# My Rhinopias Tank



## Cimmel1 (Nov 17, 2009)

Just wanted to share a couple pics of my rhinopias. These guys are honestly my favorite fish. I dont think I could have a tank without one.


----------



## Patwa (Jan 30, 2014)

Amazing shots, Chuck  the one with the lil guy feeding is amazing...great timing. Are they territorial? can you add a second one?

Full tank shot?


----------



## Cimmel1 (Nov 17, 2009)

Thanks. They are both in the same tank.
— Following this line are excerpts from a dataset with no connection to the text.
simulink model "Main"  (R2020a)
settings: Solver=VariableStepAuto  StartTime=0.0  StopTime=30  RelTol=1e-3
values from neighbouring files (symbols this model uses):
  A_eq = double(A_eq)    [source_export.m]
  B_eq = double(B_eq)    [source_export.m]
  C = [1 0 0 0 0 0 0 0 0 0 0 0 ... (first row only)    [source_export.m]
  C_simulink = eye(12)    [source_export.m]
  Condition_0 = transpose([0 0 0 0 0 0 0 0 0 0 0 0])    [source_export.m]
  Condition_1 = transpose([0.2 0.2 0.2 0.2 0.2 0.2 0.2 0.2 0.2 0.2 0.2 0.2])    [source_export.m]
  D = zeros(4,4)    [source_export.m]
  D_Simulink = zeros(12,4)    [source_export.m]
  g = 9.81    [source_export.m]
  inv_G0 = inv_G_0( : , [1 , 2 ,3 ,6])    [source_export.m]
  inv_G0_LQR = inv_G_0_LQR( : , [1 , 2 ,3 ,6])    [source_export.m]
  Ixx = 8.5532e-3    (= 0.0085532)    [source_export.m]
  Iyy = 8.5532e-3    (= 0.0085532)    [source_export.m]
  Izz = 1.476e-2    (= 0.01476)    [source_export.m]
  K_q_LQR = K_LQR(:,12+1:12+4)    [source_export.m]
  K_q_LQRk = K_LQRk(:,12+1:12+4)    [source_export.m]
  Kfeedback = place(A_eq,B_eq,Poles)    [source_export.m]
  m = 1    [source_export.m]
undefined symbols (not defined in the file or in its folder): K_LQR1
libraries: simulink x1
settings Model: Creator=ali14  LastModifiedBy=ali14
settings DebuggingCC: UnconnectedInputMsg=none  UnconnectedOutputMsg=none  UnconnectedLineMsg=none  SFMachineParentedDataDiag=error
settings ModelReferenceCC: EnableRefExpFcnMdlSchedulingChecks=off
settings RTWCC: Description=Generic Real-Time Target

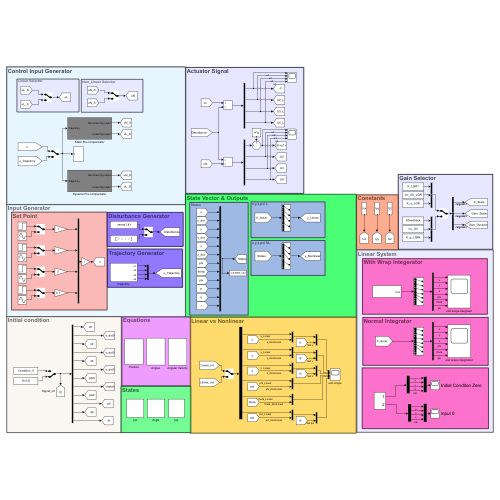
[thumbnail: Simulink's stored preview of the top-level diagram]
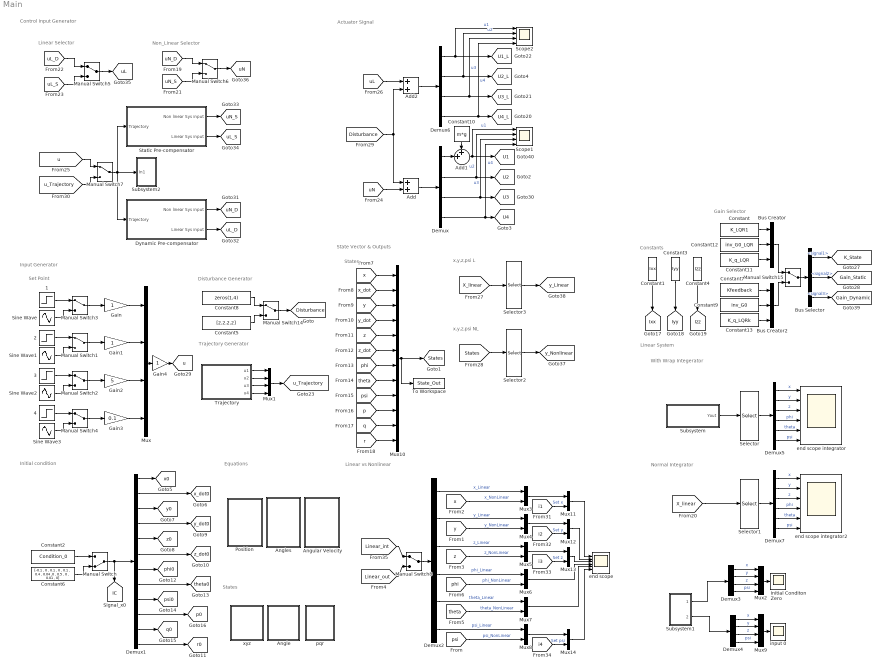
== system Main ==
  note: Gain Selector
  note: Actuator Signal
  note: States
  note: x,y,z,psi NL
  note: x,y,z,psi L
  note: Normal Integrator
  note: Trajectory Generator
  note: Linear Selector
  note: Non_Linear Selector
  note: Set Point
  note: Disturbance Generator
  note: State Vector & Outputs
  note: With Wrap Integerator
  note: Linear System
  note: Linear vs Nonlinear
  note: Constants
  note: Initial condition
  note: States
  note: Equations
  note: Input Generator
  note: Control Input Generator
  1 : Step  Time=3  SampleTime=0
  2 : Step  Time=3  SampleTime=0
  3 : Step  Time=0  SampleTime=0
  4 : Step  Time=5  SampleTime=0
  Add : Sum
  Add1 : Sum  Inputs=++|
  Add2 : Sum
  Angle : Subsystem
  Angles : Subsystem
  Angular Velocity : Subsystem
  Bus Creator : BusCreator  Inputs=3
  Bus Creator2 : BusCreator  Inputs=3
  Bus Selector : BusSelector  OutputSignals=signal1,signal2,signal3
  Constant : Constant  Value=K_LQR1
  Constant1 : Constant  Value=Ixx
  Constant10 : Constant  Value=m*g
  Constant11 : Constant  Value=K_q_LQR
  Constant12 : Constant  Value=inv_G0_LQR
  Constant13 : Constant  Value=K_q_LQRk
  Constant2 : Constant  Value=Condition_0
  Constant3 : Constant  Value=Iyy
  Constant4 : Constant  Value=Izz
  Constant5 : Constant  Value=[2,2,2,2]
  Constant6 : Constant  Value=[-0.1 , 0 , 0.1 , 0 , 0.1 , 0.4 , 0.04 ,0 , 0.5 , 0 , 0.01 , 0]
  Constant7 : Constant  Value=Kfeedback
  Constant8 : Constant  Value=zeros(1,4)
  Constant9 : Constant  Value=inv_G0
  Demux{,3..4,6} (4 alike) : Demux
  Demux1 : Demux  Outputs=12
  Demux2 : Demux  Outputs=6
  Demux5 : Demux  Outputs=6
  Demux7 : Demux  Outputs=6
  Dynamic Pre-compensator : Subsystem
  Gain : Gain
  Gain1 : Gain
  Gain2 : Gain  Gain=5
  Gain3 : Gain  Gain=0.1
  Gain4 : Gain
  Initial Conditon Zero : Scope
  Manual Switch : ManualSwitch  CurrentSetting=0
  Manual Switch{1..8,14..15} (10 alike) : ManualSwitch
  Mux{,1..2,9} (4 alike) : Mux
  Mux10 : Mux  Inputs=12
  Mux{3..8,11..14} (10 alike) : Mux  Inputs=2
  Position : Subsystem
  Scope1 : Scope  NumInputPorts=4
  Scope2 : Scope  NumInputPorts=4
  Selector : Selector  InputPortWidth=12  IndexOptions=Index vector (dialog)  Indices=[1 3 5 7 8 9]  OutputSizes=1
  Selector1 : Selector  InputPortWidth=12  IndexOptions=Index vector (dialog)  Indices=[1 3 5 7 8 9]  OutputSizes=1
  Selector2 : Selector  InputPortWidth=12  IndexOptions=Index vector (dialog)  Indices=[1 3 5 9]  OutputSizes=1
  Selector3 : Selector  InputPortWidth=12  IndexOptions=Index vector (dialog)  Indices=[1 3 5 9]  OutputSizes=1
  Sine Wave{,1..3} (4 alike) : Sin  SampleTime=0
  Static Pre-compensator : Subsystem
  Subsystem : Subsystem
  Subsystem1 : Subsystem
  Subsystem2 : Subsystem
  To Workspace : ToWorkspace  VariableName=State_Out  SampleTime=-1
  "Trajectory " : Subsystem
  end scope : Scope  NumInputPorts=6
  end scope integrator : Scope  NumInputPorts=6
  end scope integrator2 : Scope  NumInputPorts=6
  input 0 : Scope
  pqr : Subsystem
  xyz : Subsystem
  tag scope: Disturbance=global, Gain_Dynamic=global, Gain_Static=global, IC=global, Ixx=global, Iyy=global, Izz=global, K_State=global, States=global, U1=global, U1_L=global, U2=global, U2_L=global, U3=global, U3_L=global, U4=global, U4_L=global, p0=global, phi0=global, psi0=global, q0=global, r0=global, theta0=global, u=global, uL=global, uL_D=global, uL_S=global, uN=global, uN_D=global, uN_S=global, u_Trajectory=global, x0=global, x_dot0=global, y0=global, y_Linear=global, y_Nonlinear=global, y_dot0=global, z0=global, z_dot0=global
  wires:
  Demux1/1 -> [x0]
  Demux1/3 -> [y0]
  Demux1/5 -> [z0]
  Demux1/2 -> [x_dot0]
  Demux1/4 -> [y_dot0]
  Demux1/6 -> [z_dot0]
  Demux1/7 -> [phi0]
  Demux1/8 -> [theta0]
  Demux1/9 -> [psi0]
  Demux1/10 -> [p0]
  Demux1/11 -> [q0]
  Demux1/12 -> [r0]
  Constant1/1 -> [Ixx]
  Constant3/1 -> [Iyy]
  Constant4/1 -> [Izz]
  Constant6/1 -> Manual Switch/2
  Manual Switch/1 -> Demux1/1, [IC]
  Constant2/1 -> Manual Switch/1
  Demux2/1 -> Mux3/1  "x_Linear"
  [x] -> Mux3/2  "x_NonLinear"
  Demux2/2 -> Mux4/1  "y_Linear"
  Demux2/3 -> Mux5/1  "z_Linear"
  Demux2/4 -> Mux6/1  "phi_Linear"
  Demux2/5 -> Mux7/1  "theta_Linear"
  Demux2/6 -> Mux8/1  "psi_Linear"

No aggression whatsoever.


----------



## teemee (Aug 29, 2009)

Wow, gorgeous! 
Are they the same size?
Do you have them eating frozen?
If you're looking for more, I think Big Show has a couple of Eschermeyers....


----------



## Cimmel1 (Nov 17, 2009)

Thanks! The purple one is probably 5" and the other one about 3". I've got the purple frondosa eating silversides. The eschmeyri is still fairly new so still eating live. I've seen the ones that Dave has and they are very nice. These came from Coral Reef Shop.


----------



## notclear (Nov 5, 2011)

Very nice! So look like they are reef safe and won't eat small fish?


----------



## Cimmel1 (Nov 17, 2009)

Reef safe but they are opportunistic predators that will eat small shrimp and fish.


----------



## Cimmel1 (Nov 17, 2009)

Another pic of the small guy. Caught mid yawn.


----------